A report over the failed deal obtained by the Globe and Mail revealed that the international market for nuclear plants will not be as strong as had been expected. According to the Canadian newspaper, the pension expected the government to provide financial support for research and development, which the government refused to do.

Elsewhere, German utility firm RWE has encountered criticism from pension funds and other shareholders over its board structure and its response to the government’s temporary moratorium on nuclear energy. The government has signaled it will try to accelerate the country’s nuclear phase-out, which is presently set for 2036. “We don’t think the supervisory board has the right composition – a problem that’s all the more pressing given the fierce debate about nuclear energy in Germany,” said Hans Hirt at Hermes, which acts for pension funds, told the Financial Times.

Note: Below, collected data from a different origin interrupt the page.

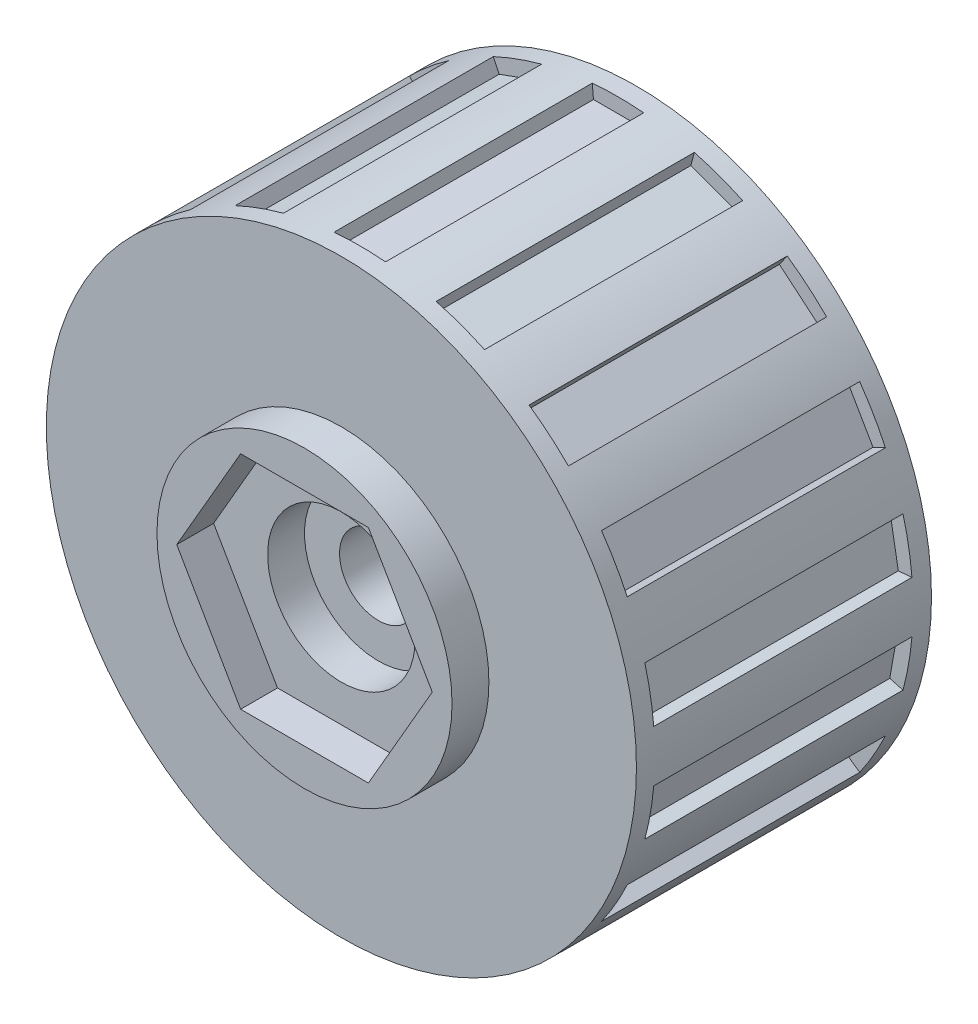
SolidWorks part; units mm, degrees
ref_plane "前视基准面" through (0, 0, 0) normal (0, 0, 1) x (1, 0, 0)
ref_plane "上视基准面" through (0, 0, 0) normal (0, 1, 0) x (1, 0, 0)
ref_plane "右视基准面" through (0, 0, 0) normal (1, 0, 0) x (0, 0, -1)
sketch "草图1" plane through (0, 0, 0) normal (0, 0, 1) x (1, 0, 0)
  circle A0 centre (0, 0) radius 80
  circle A1 centre (0, 0) radius 10.5
  dimension "D1" = 160
  dimension "D2" = 21
extrude "凸台-拉伸1" add sketch "草图1" along normal blind 80 contours A0
sketch "草图2" plane through (0, 0, 80) normal (0, 0, 1) x (1, 0, 0)
  circle A0 centre (0, 0) radius 20
  dimension "D1" = 40
extrude "切除-拉伸1" cut sketch "草图2" against normal blind 10
sketch "草图3" plane through (0, 0, 0) normal (0, 0, -1) x (-1, 0, 0)
  circle A0 centre (0, 0) radius 20
  dimension "D1" = 40
extrude "切除-拉伸2" cut sketch "草图3" against normal blind 20
ref_plane "基准面1" through (0, 0, 5) normal (0, 0, -1) x (-1, 0, 0)
sketch "草图4" plane through (0, 0, 5) normal (0, 0, -1) x (-1, 0, 0)
  line L0 (-6.6491, 76) -> (-6.9725, 79.6956)
  line L1 (6.6491, 76) -> (6.9725, 79.6956)
  line L2 (0, 80) -> (0, 0) construction
  line L3 (-6.6491, 76) -> (6.6491, 76)
  circle A0 centre (0, 0) radius 80 construction
  arc A1 (6.9725, 79.6956) -> (-6.9725, 79.6956) centre (0, 0) ccw
  dimension "D1" = 5
  dimension "D2" = 5
  dimension "D3" = 4
extrude "切除-拉伸3" cut sketch "草图4" against normal blind 70
pattern_circular "阵列(圆周)1" count 18 over 360 about axis through (0, 0, 0) along (0, 0, 1) of "切除-拉伸3"
sketch "草图6" plane through (0, 0, 0) normal (0, 0, -1) x (-1, 0, 0)
  circle A0 centre (0, 0) radius 35
  dimension "D1" = 70
extrude "切除-拉伸4" cut sketch "草图6" against normal blind 10
sketch "草图7" plane through (0, 0, 80) normal (0, 0, 1) x (1, 0, 0)
  circle A0 centre (0, 0) radius 40
  circle A1 centre (0, 0) radius 20
  dimension "D1" = 80
extrude "凸台-拉伸2" add sketch "草图7" along normal blind 10
sketch "草图8" plane through (0, 0, 90) normal (0, 0, 1) x (1, 0, 0)
  line L1 (34.641, 0) -> (17.3205, 30)
  line L2 (17.3205, 30) -> (-17.3205, 30)
  line L3 (-17.3205, 30) -> (-34.641, 0)
  line L4 (-34.641, 0) -> (-17.3205, -30)
  line L5 (-17.3205, -30) -> (17.3205, -30)
  line L6 (17.3205, -30) -> (34.641, 0)
  circle A0 centre (0, 0) radius 30 construction
  dimension "D1" = 60
extrude "切除-拉伸5" cut sketch "草图8" against normal blind 10
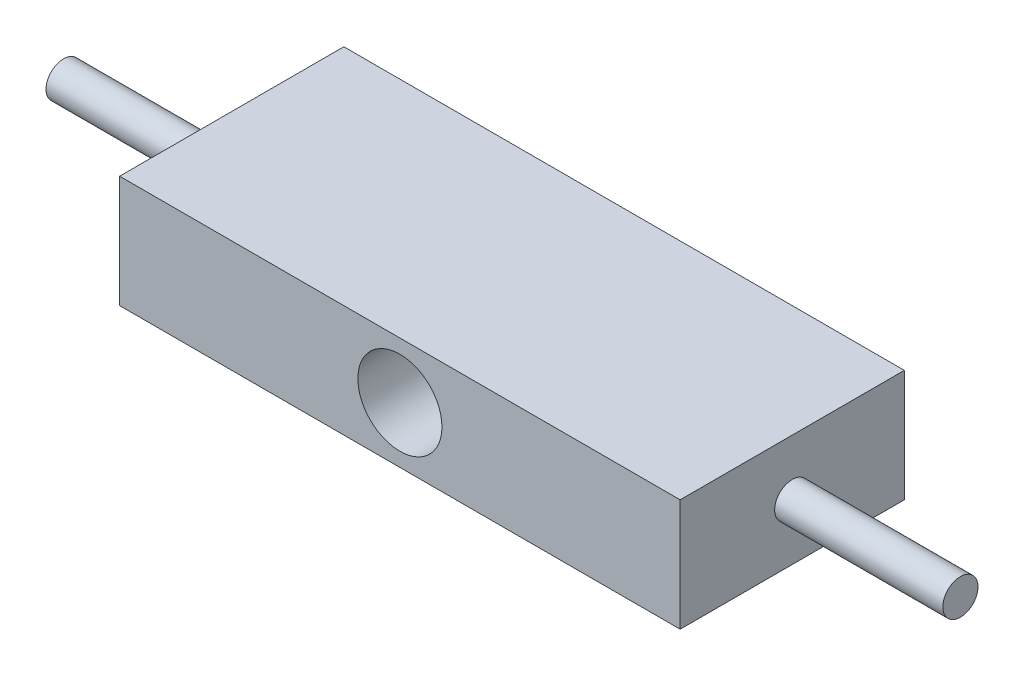
SolidWorks part; units mm, degrees
ref_plane "Front Plane" through (0, 0, 0) normal (0, 0, 1) x (1, 0, 0)
ref_plane "Top Plane" through (0, 0, 0) normal (0, 1, 0) x (1, 0, 0)
ref_plane "Right Plane" through (0, 0, 0) normal (1, 0, 0) x (0, 0, -1)
sketch "Sketch1" plane through (0, 0, 0) normal (0, 0, 1) x (1, 0, 0)
  line L1 (-31.75, 6.35) -> (31.75, 6.35)
  line L2 (-31.75, 6.35) -> (-31.75, -6.35)
  line L3 (-31.75, -6.35) -> (31.75, -6.35)
  line L4 (31.75, 6.35) -> (31.75, -6.35)
  line L5 (-31.75, 6.35) -> (31.75, -6.35) construction
  line L6 (-31.75, -6.35) -> (31.75, 6.35) construction
  circle A0 centre (0, 0) radius 4.7625
  point P0 (0, 0)
  dimension "D3" = 9.525
  dimension "D1" = 12.7
  dimension "D2" = 63.5
extrude "Boss-Extrude1" add sketch "Sketch1" against normal blind 25.4
sketch "Sketch2" plane through (31.75, 0, 0) normal (1, 0, 0) x (0, 0, -1)
  line L0 (0, 6.35) -> (25.4, -6.35) construction
  line L1 (25.4, 6.35) -> (0, -6.35) construction
  line L4 (0, 6.35) -> (0, -6.35)
  line L5 (0, -6.35) -> (25.4, -6.35)
  line L6 (25.4, -6.35) -> (25.4, 6.35)
  line L7 (25.4, 6.35) -> (0, 6.35)
  line L8 (0, 6.35) -> (0, -6.35)
  line L9 (0, -6.35) -> (25.4, -6.35)
  line L10 (25.4, -6.35) -> (25.4, 6.35)
  line L11 (25.4, 6.35) -> (0, 6.35)
  circle A0 centre (12.7, 0) radius 1.9939
  dimension "D2" = 3.9878
  dimension "D1" = 0
extrude "Boss-Extrude2" add sketch "Sketch2" along normal blind 19.05 contours A0
sketch "Sketch3" plane through (-31.75, 0, 0) normal (-1, 0, 0) x (0, 0, 1)
  line L0 (0, 6.35) -> (-25.4, -6.35) construction
  line L1 (-25.4, 6.35) -> (0, -6.35) construction
  line L2 (0, 6.35) -> (-25.4, -6.35)
  line L3 (-25.4, 6.35) -> (0, -6.35)
  line L4 (0, -6.35) -> (0, 6.35)
  line L5 (-25.4, -6.35) -> (0, -6.35)
  line L6 (-25.4, 6.35) -> (-25.4, -6.35)
  line L7 (0, 6.35) -> (-25.4, 6.35)
  line L8 (0, -6.35) -> (0, 6.35)
  line L9 (-25.4, -6.35) -> (0, -6.35)
  line L10 (-25.4, 6.35) -> (-25.4, -6.35)
  line L11 (0, 6.35) -> (-25.4, 6.35)
  circle A0 centre (-12.7, 0) radius 1.9939 construction
  circle A1 centre (-12.7, 0) radius 1.9939
  dimension "D1" = 0
extrude "Boss-Extrude3" add sketch "Sketch3" along normal blind 19.05 contours A1

Looking ahead, institutional investors, among others, may be slower to embrace nuclear energy as an investment as they take into account how environmental factors will impact their portfolios in the long-term, Max von Bismarck, director and head of investors of the World Economic Forum, told aiCIO. Von Bismarck, who recently published a report headed by 19 major pension and private investment funds about the future of long-term investing, cites the universal owner hypothesis to explain why institutional investors may avoid nuclear energy. “With nuclear investment, there are long-term questions about such things as storage. If you’re an institutional investor with a long-term time horizon and you broadly diversify, there are certain risks that may be externalities for other market participants, which thus become internal risks for you,” he said, noting that long-term investors are often especially sensitive to environmental risks.

Furthermore, Von Bismarck indicated that while environmental, social, and governance (ESG) factors have traditionally played a more active role among European investors, large funds like the California State Teachers’ Retirement System (CalSTRS) and the California Public Employees’ Retirement System (CalPERS) have become role models for other US funds. “We assume ESG factors will become more and more important to institutional investors in the US,” he said.